Segment Start: Extracted data

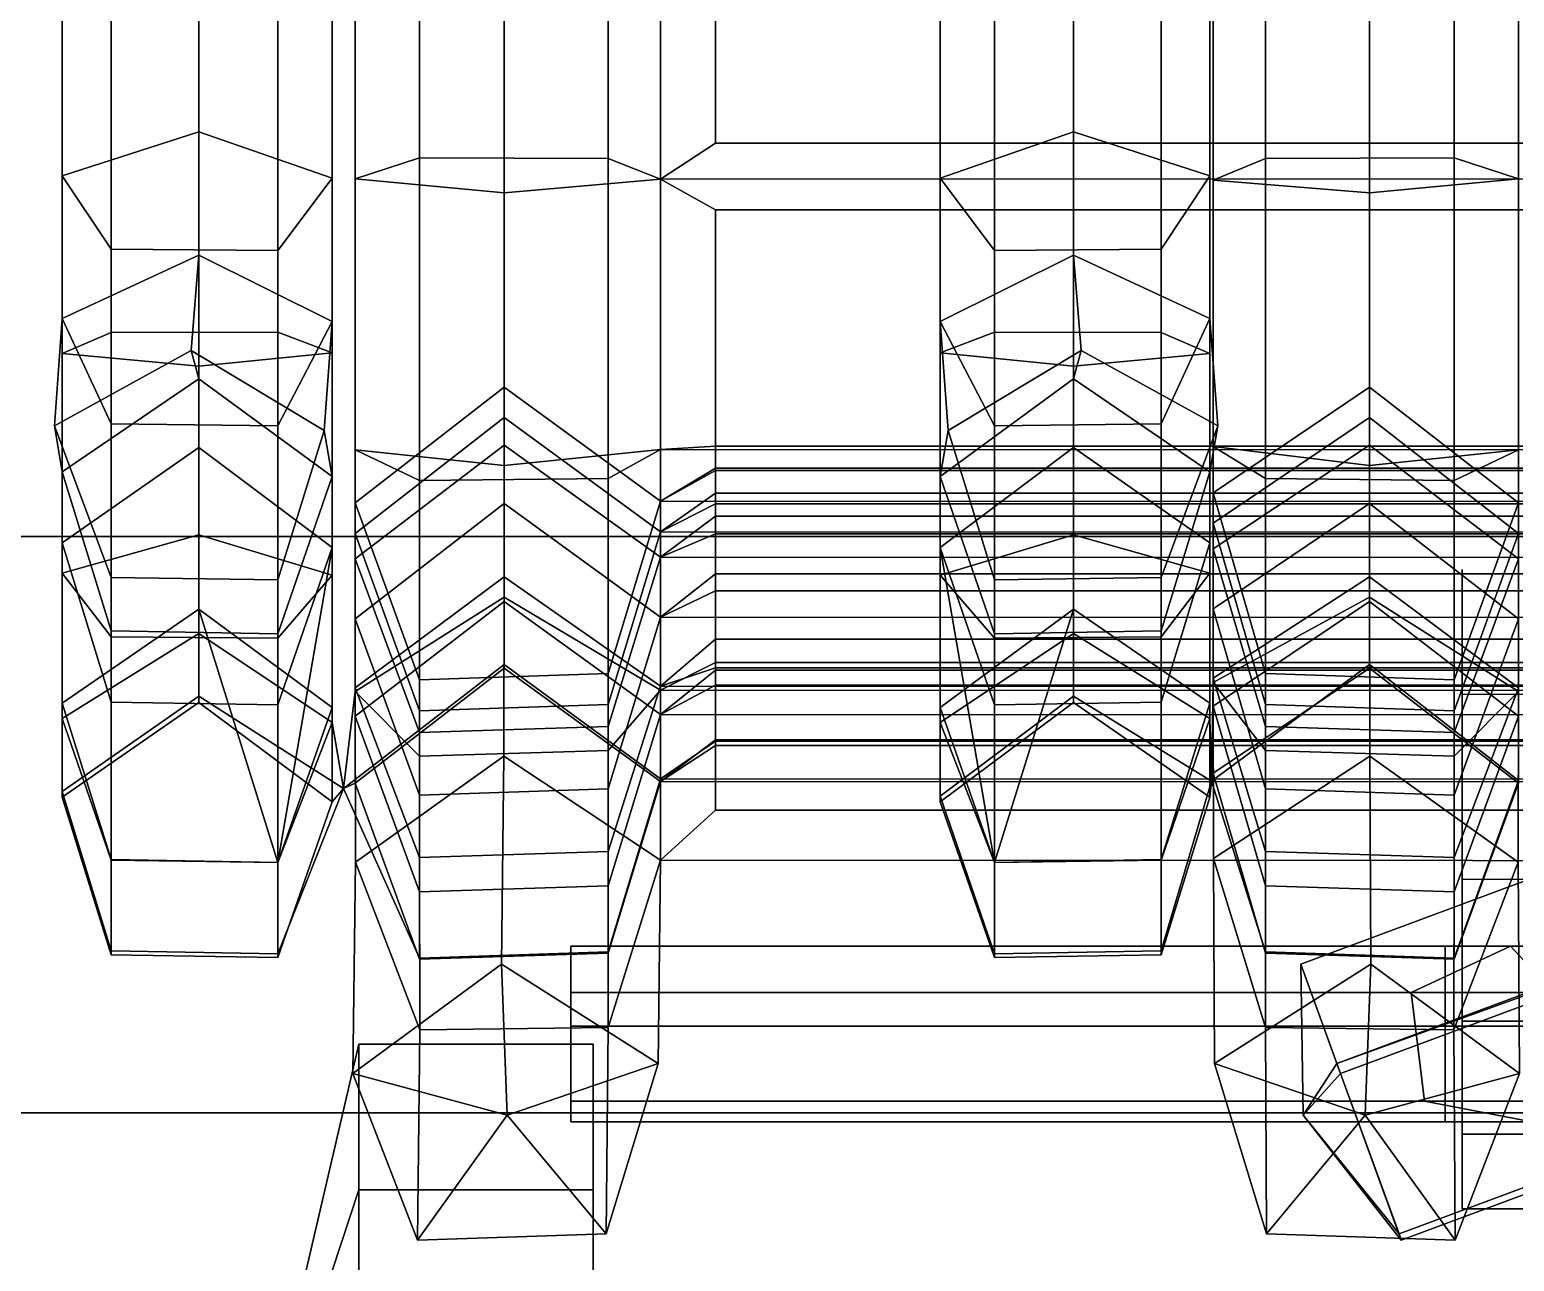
# Model space of a CAD drawing. Extents: x -252 to 252, y 0 to 101.
# Drawn here: x -107.1 to -101.7, y 17.14 to 21.62 of the extents above; entities that cross this region are included whole.
import ezdxf

# ---------------------------------------------------------------- set-up
doc = ezdxf.new("R2010")
doc.units = 0

msp = doc.modelspace()

# ---------------------------------------------------------------- linework, layer by layer
for points in [[(-91.667435, 93.664322, 218.68718), (-91.667191, -0.000022, 218.687424), (-185.538284, 0, 218.687424), (-185.538101, 93.664322, 218.68718)], [(-92.603958, 36.417877, 209.4655), (-109.463577, 36.417877, 209.4655), (-109.463577, 19.780653, 209.465744), (-92.603958, 19.780653, 209.4655)], [(-105.918137, 21.080244, 144.851654), (-105.918137, 22.863194, 144.392609), (-105.684219, 23.023598, 145.01767), (-105.684219, 21.156864, 145.492401)], [(-105.684219, 21.156864, 145.492401), (-105.684219, 23.023598, 145.01767), (-104.998428, 23.017914, 144.995636), (-104.998428, 21.154148, 145.469727)], [(-104.998428, 21.154148, 145.469727), (-104.998428, 23.017914, 144.995636), (-104.808304, 22.86166, 144.386658), (-104.808304, 21.079512, 144.845551)], [(-102.608719, 21.154148, -63.758377), (-102.608719, 23.017914, -63.284286), (-102.798965, 22.853975, -62.645401), (-102.798965, 21.075848, -63.103592)], [(-101.922928, 21.156864, -63.781052), (-101.922928, 23.023598, -63.306335), (-102.608719, 23.017914, -63.284286), (-102.608719, 21.154148, -63.758377)], [(-101.68898, 21.080244, -63.14032), (-101.68898, 22.863194, -62.681305), (-101.922928, 23.023598, -63.306335), (-101.922928, 21.156864, -63.781052)], [(-105.37645, 21.030182, 144.433014), (-105.37645, 22.758347, 143.984161), (-105.918137, 22.863194, 144.392609), (-105.918137, 21.080244, 144.851654)], [(-104.808304, 21.079512, 144.845551), (-104.808304, 22.86166, 144.386658), (-105.37645, 22.758347, 143.984161), (-105.37645, 21.030182, 144.433014)], [(-104.808304, 21.079512, 144.845551), (-104.808304, 22.86166, 144.386658), (-87.096817, 22.863194, 144.392639), (-87.096817, 21.080244, 144.851654)], [(-104.608444, 21.210405, 144.677277), (-104.608444, 22.665051, 144.302856), (-104.808304, 22.86166, 144.386658), (-104.808304, 21.079512, 144.845551)], [(-102.798965, 21.075848, -63.103592), (-102.798965, 22.853975, -62.645401), (-102.230667, 22.758347, -62.272842), (-102.230667, 21.030182, -62.72168)], [(-102.230667, 21.030182, -62.72168), (-102.230667, 22.758347, -62.272842), (-101.68898, 22.863194, -62.681305), (-101.68898, 21.080244, -63.14032)], [(-87.29689, 22.665051, 144.302856), (-104.608444, 22.665051, 144.302856), (-104.608444, 21.210405, 144.677277), (-87.29689, 21.210405, 144.677277)], [(-106.486374, 22.125954, 130.526932), (-106.486374, 21.251438, 130.947311), (-106.982803, 21.09127, 130.638748), (-106.982803, 22.013481, 130.197983)], [(-106.002182, 22.00798, 130.182037), (-106.002182, 21.083414, 130.623657), (-106.486374, 21.251438, 130.947311), (-106.486374, 22.125954, 130.526932)], [(-103.791336, 22.00798, -48.470604), (-103.791336, 21.083414, -48.912315), (-103.307358, 21.251438, -49.235977), (-103.307358, 22.125954, -48.815598)], [(-103.307358, 22.125954, -48.815598), (-103.307358, 21.251438, -49.235977), (-102.810684, 21.09127, -48.927406), (-102.810684, 22.013481, -48.486641)], [(-106.982803, 22.013481, 130.197983), (-106.982803, 21.09127, 130.638748), (-106.805283, 20.824268, 130.124298), (-106.805283, 21.825991, 129.649551)], [(-106.199631, 21.822584, 129.639694), (-106.199631, 20.81942, 130.11499), (-106.002182, 21.083414, 130.623657), (-106.002182, 22.00798, 130.182037)], [(-103.593887, 21.822584, -47.928352), (-103.593887, 20.81942, -48.403656), (-103.791336, 21.083414, -48.912315), (-103.791336, 22.00798, -48.470604)], [(-102.810684, 22.013481, -48.486641), (-102.810684, 21.09127, -48.927406), (-102.987961, 20.824268, -48.41301), (-102.987961, 21.825991, -47.938217)], [(-106.982803, 20.4454, 144.610168), (-106.982803, 21.819103, 144.19986), (-106.805283, 21.886133, 144.775604), (-106.805283, 20.522179, 145.184692)], [(-106.805283, 20.522179, 145.184692), (-106.805283, 21.886133, 144.775604), (-106.199631, 21.887346, 144.786011), (-106.199631, 20.523558, 145.195129)], [(-106.199631, 20.523558, 145.195129), (-106.199631, 21.887346, 144.786011), (-106.002182, 21.821075, 144.216766), (-106.002182, 20.447655, 144.627075)], [(-103.593887, 20.523558, -63.48378), (-103.593887, 21.887346, -63.074661), (-103.791336, 21.821075, -62.505432), (-103.791336, 20.447655, -62.915726)], [(-102.987961, 20.522179, -63.473343), (-102.987961, 21.886133, -63.06427), (-103.593887, 21.887346, -63.074661), (-103.593887, 20.523558, -63.48378)], [(-102.810684, 20.4454, -62.898834), (-102.810684, 21.819103, -62.48851), (-102.987961, 21.886133, -63.06427), (-102.987961, 20.522179, -63.473343)], [(-106.486374, 20.399342, 144.265533), (-106.486374, 21.778893, 143.854645), (-106.982803, 21.819103, 144.19986), (-106.982803, 20.4454, 144.610168)], [(-106.805283, 21.825991, 129.649551), (-106.805283, 20.824268, 130.124298), (-106.199631, 20.81942, 130.11499), (-106.199631, 21.822584, 129.639694)], [(-106.002182, 20.447655, 144.627075), (-106.002182, 21.821075, 144.216766), (-106.486374, 21.778893, 143.854645), (-106.486374, 20.399342, 144.265533)], [(-103.791336, 20.447655, -62.915726), (-103.791336, 21.821075, -62.505432), (-103.307358, 21.778893, -62.143311), (-103.307358, 20.399342, -62.554184)], [(-102.987961, 21.825991, -47.938217), (-102.987961, 20.824268, -48.41301), (-103.593887, 20.81942, -48.403656), (-103.593887, 21.822584, -47.928352)], [(-103.307358, 20.399342, -62.554184), (-103.307358, 21.778893, -62.143311), (-102.810684, 21.819103, -62.48851), (-102.810684, 20.4454, -62.898834)], [(-106.486374, 21.251438, 130.947311), (-106.486374, 20.80258, 131.36264), (-106.982803, 20.572838, 131.101608), (-106.982803, 21.09127, 130.638748)], [(-106.002182, 21.083414, 130.623657), (-106.002182, 20.561609, 131.088852), (-106.486374, 20.80258, 131.36264), (-106.486374, 21.251438, 130.947311)], [(-103.791336, 21.083414, -48.912315), (-103.791336, 20.561609, -49.377563), (-103.307358, 20.80258, -49.651306), (-103.307358, 21.251438, -49.235977)], [(-103.307358, 21.251438, -49.235977), (-103.307358, 20.80258, -49.651306), (-102.810684, 20.572838, -49.390266), (-102.810684, 21.09127, -48.927406)], [(-105.918137, 20.094894, 145.009979), (-105.918137, 21.080244, 144.851654), (-105.684219, 21.156864, 145.492401), (-105.684219, 19.983238, 145.62854)], [(-105.684219, 19.983238, 145.62854), (-105.684219, 21.156864, 145.492401), (-104.998428, 21.154148, 145.469727), (-104.998428, 19.990875, 145.607086)], [(-87.29689, 21.210405, 144.677277), (-104.608444, 21.210405, 144.677277), (-104.808304, 21.079512, 144.845551), (-87.096817, 21.080244, 144.851654)], [(-101.922928, 19.983238, -63.917191), (-101.922928, 21.156864, -63.781052), (-102.608719, 21.154148, -63.758377), (-102.608719, 19.990875, -63.895752)], [(-101.68898, 20.094894, -63.29863), (-101.68898, 21.080244, -63.14032), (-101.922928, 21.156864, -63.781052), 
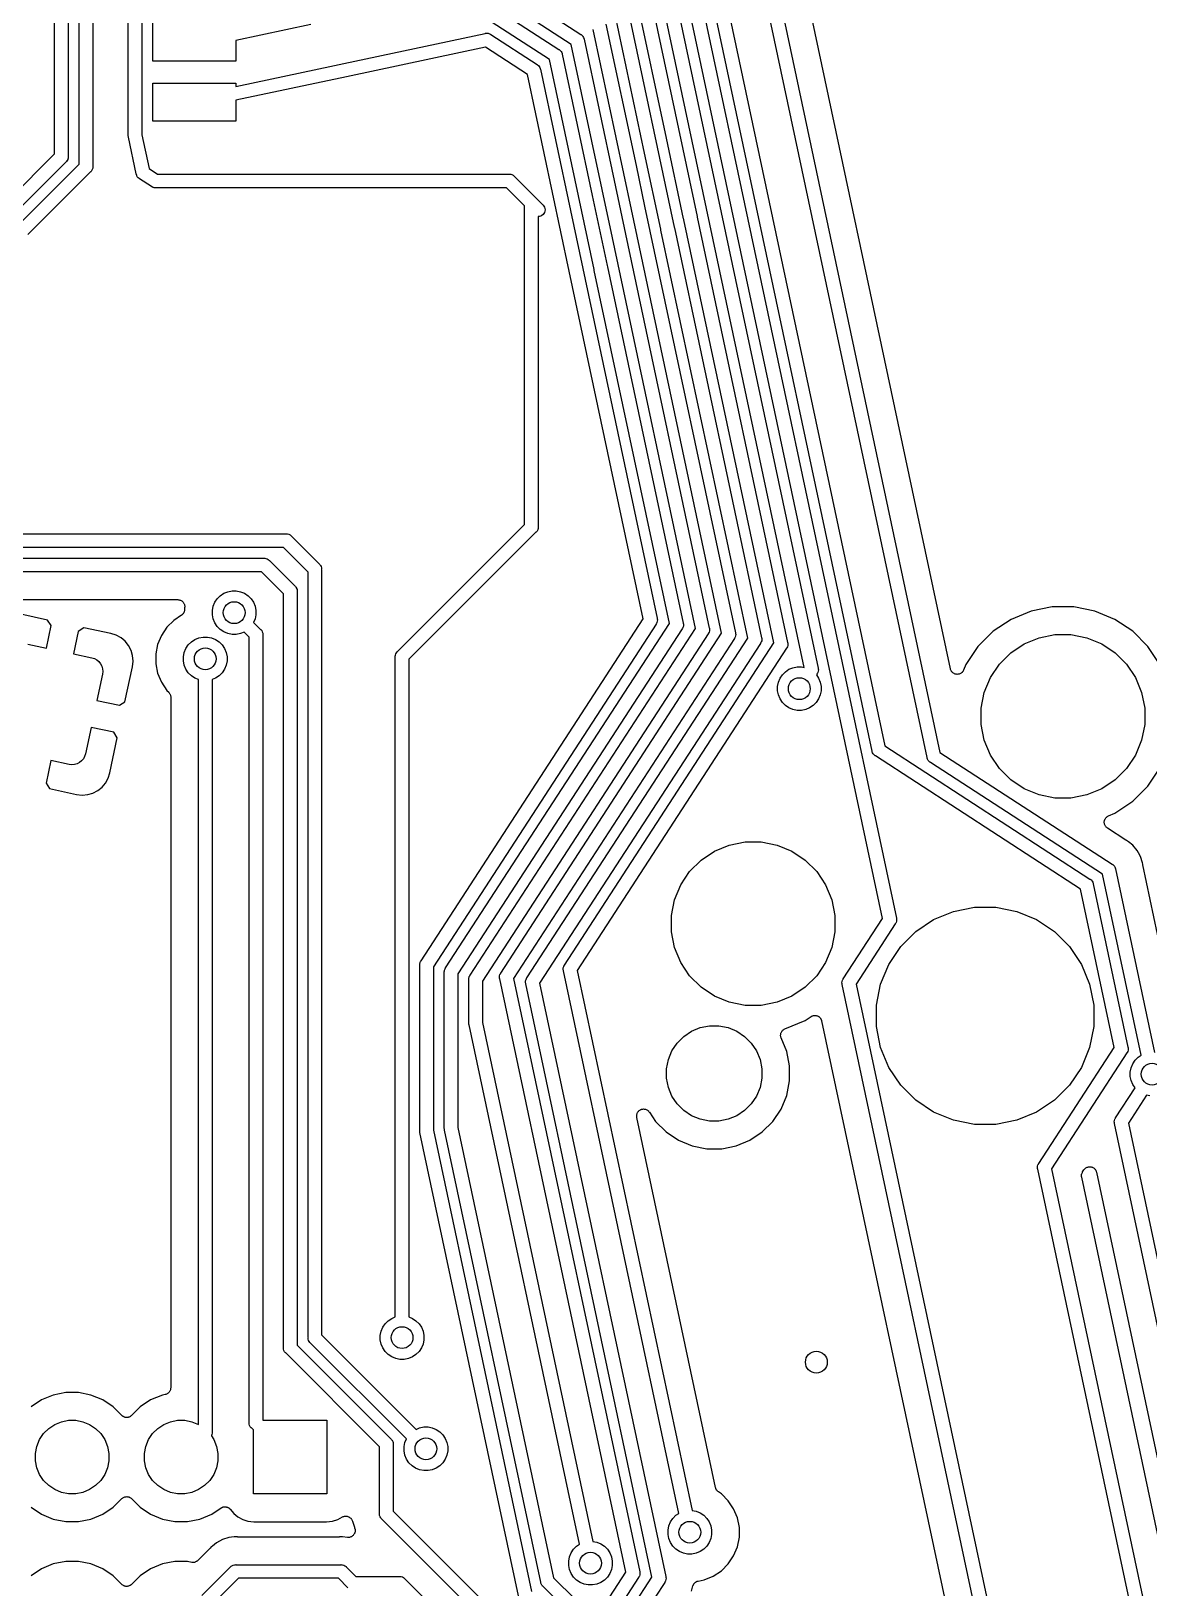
# Model space of a CAD drawing. Extents: x 59 to 2996, y -153 to 1402.
# Drawn here: x 634.46 to 654.97, y 617.34 to 645.91 of the extents above; entities that cross this region are included whole.
import ezdxf

# ---------------------------------------------------------------- set-up
doc = ezdxf.new("R2010")
doc.units = 0
doc.layers.add('BLACK', color=7, linetype='CONTINUOUS')

msp = doc.modelspace()

# ---------------------------------------------------------------- linework, layer by layer
at = {"layer": 'BLACK', "linetype": 'Continuous'}
for points in [[(656.184, 609.703), (652.927, 625.026), (652.925, 625.032), (652.924, 625.039), (652.922, 625.057), (652.923, 625.059), (652.924, 625.081), (652.931, 625.105), (652.94, 625.121), (652.94, 625.121), (652.943, 625.127), (652.946, 625.132), (654.328, 627.259), (653.71, 630.167), (649.948, 632.61), (649.943, 632.613), (649.924, 632.628), (649.908, 632.647), (649.896, 632.668), (649.89, 632.686), (649.89, 632.686), (649.888, 632.692), (649.888, 632.698), (644.239, 659.273)], [(644.493, 659.28), (650.123, 632.795), (653.884, 630.352), (653.89, 630.349), (653.895, 630.345), (653.895, 630.345), (653.909, 630.334), (653.925, 630.315), (653.937, 630.293), (653.938, 630.29), (653.942, 630.276), (653.942, 630.276), (653.944, 630.27), (653.945, 630.264), (654.582, 627.266), (654.584, 627.26), (654.585, 627.254), (654.585, 627.254), (654.586, 627.239), (654.587, 627.236), (654.585, 627.211), (654.578, 627.188), (654.569, 627.171), (654.569, 627.171), (654.566, 627.166), (654.563, 627.161), (653.181, 625.034), (656.438, 609.71)], [(634.072, 642.837), (634.893, 643.658), (634.893, 652.662)], [(635.143, 652.616), (635.143, 643.612), (635.144, 643.606), (635.143, 643.6), (635.143, 643.6), (635.141, 643.582), (635.135, 643.56), (635.134, 643.558), (635.122, 643.537), (635.111, 643.522), (635.111, 643.522), (635.107, 643.517), (635.102, 643.514), (634.216, 642.628)], [(634.258, 642.387), (635.343, 643.472), (635.343, 651.548)], [(635.593, 651.503), (635.593, 643.426), (635.594, 643.42), (635.593, 643.414), (635.593, 643.414), (635.591, 643.395), (635.584, 643.372), (635.572, 643.35), (635.571, 643.349), (635.561, 643.336), (635.561, 643.336), (635.557, 643.331), (635.552, 643.327), (634.402, 642.178)], [(636.493, 651.081), (636.493, 644.011), (636.625, 643.388), (636.781, 643.287), (642.515, 643.287), (642.528, 643.287), (643.228, 643.287), (643.234, 643.287), (643.24, 643.287), (643.25, 643.286), (643.259, 643.285), (643.282, 643.278), (643.304, 643.266), (643.318, 643.254), (643.318, 643.254), (643.323, 643.25), (643.327, 643.246), (643.722, 642.85), (643.727, 642.846), (643.731, 642.842), (643.731, 642.842), (643.856, 642.717), (643.867, 642.702), (643.879, 642.681), (643.886, 642.657), (643.889, 642.633), (643.886, 642.608), (643.879, 642.585), (643.867, 642.563), (643.852, 642.544), (643.833, 642.528), (643.811, 642.517), (643.787, 642.509), (643.763, 642.507), (643.763, 636.814), (643.764, 636.808), (643.763, 636.801), (643.763, 636.801), (643.761, 636.783), (643.755, 636.764), (643.754, 636.76), (643.743, 636.738), (643.732, 636.725), (643.727, 636.719), (643.722, 636.715), (641.391, 634.384), (641.391, 622.317), (641.455, 622.29), (641.521, 622.246), (641.577, 622.191), (641.62, 622.125), (641.651, 622.052), (641.666, 621.975), (641.666, 621.896), (641.651, 621.819), (641.62, 621.746), (641.577, 621.681), (641.521, 621.625), (641.455, 621.581), (641.383, 621.551), (641.305, 621.536), (641.227, 621.536), (641.149, 621.551), (641.077, 621.581), (641.011, 621.625), (640.955, 621.681), (640.912, 621.746), (640.881, 621.819), (640.866, 621.896), (640.866, 621.975), (640.881, 622.052), (640.912, 622.125), (640.955, 622.191), (641.011, 622.246), (641.077, 622.29), (641.141, 622.317), (641.141, 634.429), (641.14, 634.436), (641.141, 634.442), (641.141, 634.442), (641.143, 634.46), (641.15, 634.484), (641.162, 634.505), (641.177, 634.524), (641.182, 634.528), (643.513, 636.859), (643.513, 642.706), (643.182, 643.037), (642.516, 643.037), (636.751, 643.037), (636.746, 643.036), (636.739, 643.037), (636.738, 643.037), (636.733, 643.037), (636.721, 643.038), (636.72, 643.038), (636.72, 643.038), (636.709, 643.042), (636.698, 643.045), (636.697, 643.045), (636.696, 643.046), (636.686, 643.051), (636.681, 643.053), (636.68, 643.054), (636.674, 643.057), (636.67, 643.061), (636.451, 643.203), (636.446, 643.206), (636.426, 643.221), (636.41, 643.24), (636.399, 643.261), (636.393, 643.279), (636.393, 643.279), (636.391, 643.285), (636.39, 643.291), (636.247, 643.967), (636.245, 643.973), (636.244, 643.985), (636.242, 643.996), (636.243, 644.003), (636.243, 651.127)], [(641.588, 647.772), (644.545, 645.852), (644.55, 645.849), (644.555, 645.846), (644.555, 645.846), (644.569, 645.834), (644.583, 645.818), (644.585, 645.815), (644.597, 645.794), (644.603, 645.776), (644.603, 645.776), (644.605, 645.77), (644.605, 645.764), (645.157, 643.171), (645.157, 643.171), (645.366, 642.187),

Segment End: Extracted data

(Action item) Copy each line in the listing where "BLACK" appears.

(Response area)
doc.layers.add('BLACK', color=7, linetype='CONTINUOUS')
at = {"layer": 'BLACK', "linetype": 'Continuous'}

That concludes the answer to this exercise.